PROMPT
Using the entries below, show all lines with the string "Math".

EXERCISE MATERIAL
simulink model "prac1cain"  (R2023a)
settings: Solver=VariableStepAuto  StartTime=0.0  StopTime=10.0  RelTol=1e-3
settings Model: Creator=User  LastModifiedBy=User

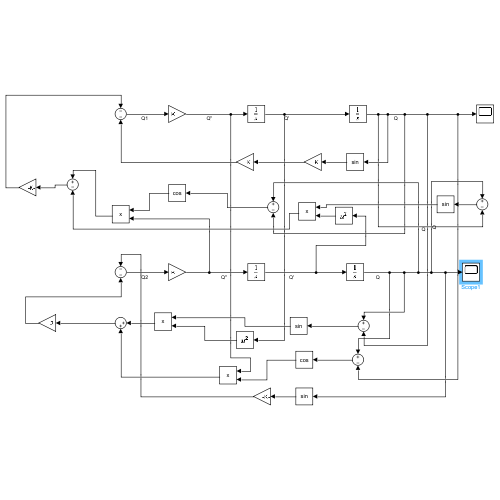
[thumbnail: Simulink's stored preview of the top-level diagram]
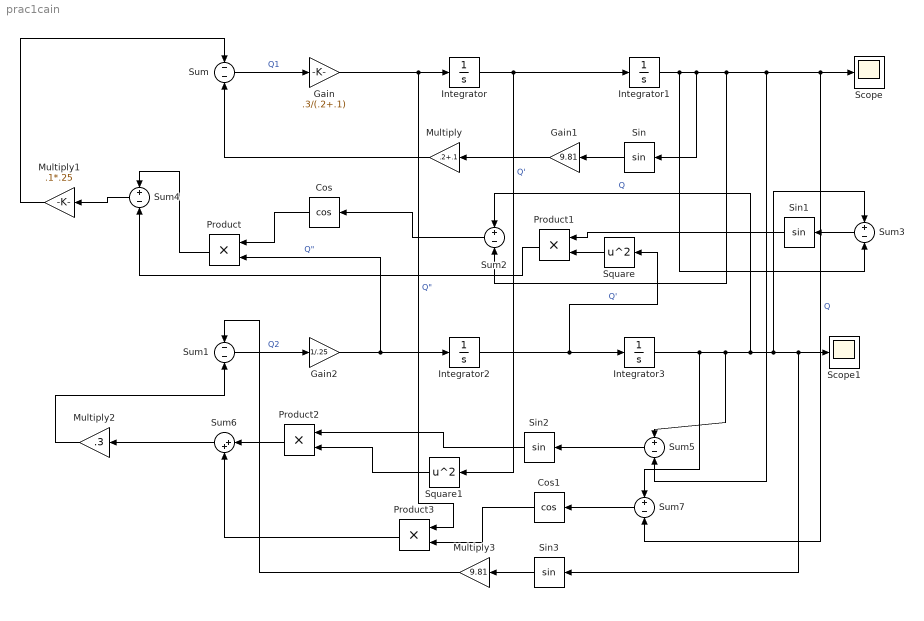
== system prac1cain ==
  Cos : Trigonometry  Operator=cos
  Cos1 : Trigonometry  Operator=cos
  Gain : Gain  Gain=.3/(.2+.1)
  Gain1 : Gain  Gain=9.81
  Gain2 : Gain  Gain=1/.25
  Integrator : Integrator
  Integrator1 : Integrator
  Integrator2 : Integrator
  Integrator3 : Integrator  InitialCondition=35*(pi/180)
  Multiply : Gain  Gain=.2+.1
  Multiply1 : Gain  Gain=.1*.25
  Multiply2 : Gain  Gain=.3
  Multiply3 : Gain  Gain=9.81
  Product{,1..3} (4 alike) : Product
  Scope : Scope
  Scope1 : Scope
  Sin{,1..3} (4 alike) : Trigonometry
  Square : Math  Operator=square
  Square1 : Math  Operator=square
  Sum : Sum  Inputs=--
  Sum1 : Sum  Inputs=--
  Sum{2..5,7} (5 alike) : Sum  Inputs=+-
  Sum6 : Sum  Inputs=|++
  wires:
  Integrator/1 -> Integrator1/1, Square1/1  "Q'"
  Sum/1 -> Gain/1  "Q1"
  Gain/1 -> Product3/1, Integrator/1  "Q\""
  Sin/1 -> Gain1/1
  Integrator1/1 -> Sum3/2, Sum5/2, Sum7/2, Scope/1, Sum2/2, Sin/1  "Q"
  Sum1/1 -> Gain2/1  "Q2"
  Gain2/1 -> Product/2, Integrator2/1  "Q\""
  Integrator2/1 -> Square/1, Integrator3/1  "Q'"
  Integrator3/1 -> Sum7/1, Sum5/1, Sin3/1, Scope1/1, Sum3/1, Sum2/1  "Q"
  Sum2/1 -> Cos/1
  Cos/1 -> Product/1
  Gain1/1 -> Multiply/1
  Sum3/1 -> Sin1/1
  Square/1 -> Product1/2
  Sin1/1 -> Product1/1
  Product/1 -> Sum4/1
  Product1/1 -> Sum4/2
  Sum4/1 -> Multiply1/1
  Multiply1/1 -> Sum/1
  Multiply/1 -> Sum/2
  Sum5/1 -> Sin2/1
  Square1/1 -> Product2/2
  Sin2/1 -> Product2/1
  Product2/1 -> Sum6/1
  Sum7/1 -> Cos1/1
  Cos1/1 -> Product3/2
  Product3/1 -> Sum6/2
  Sum6/1 -> Multiply2/1
  Multiply2/1 -> Sum1/2
  Sin3/1 -> Multiply3/1
  Multiply3/1 -> Sum1/1

RESPONSE AREA
  Square : Math  Operator=square
  Square1 : Math  Operator=square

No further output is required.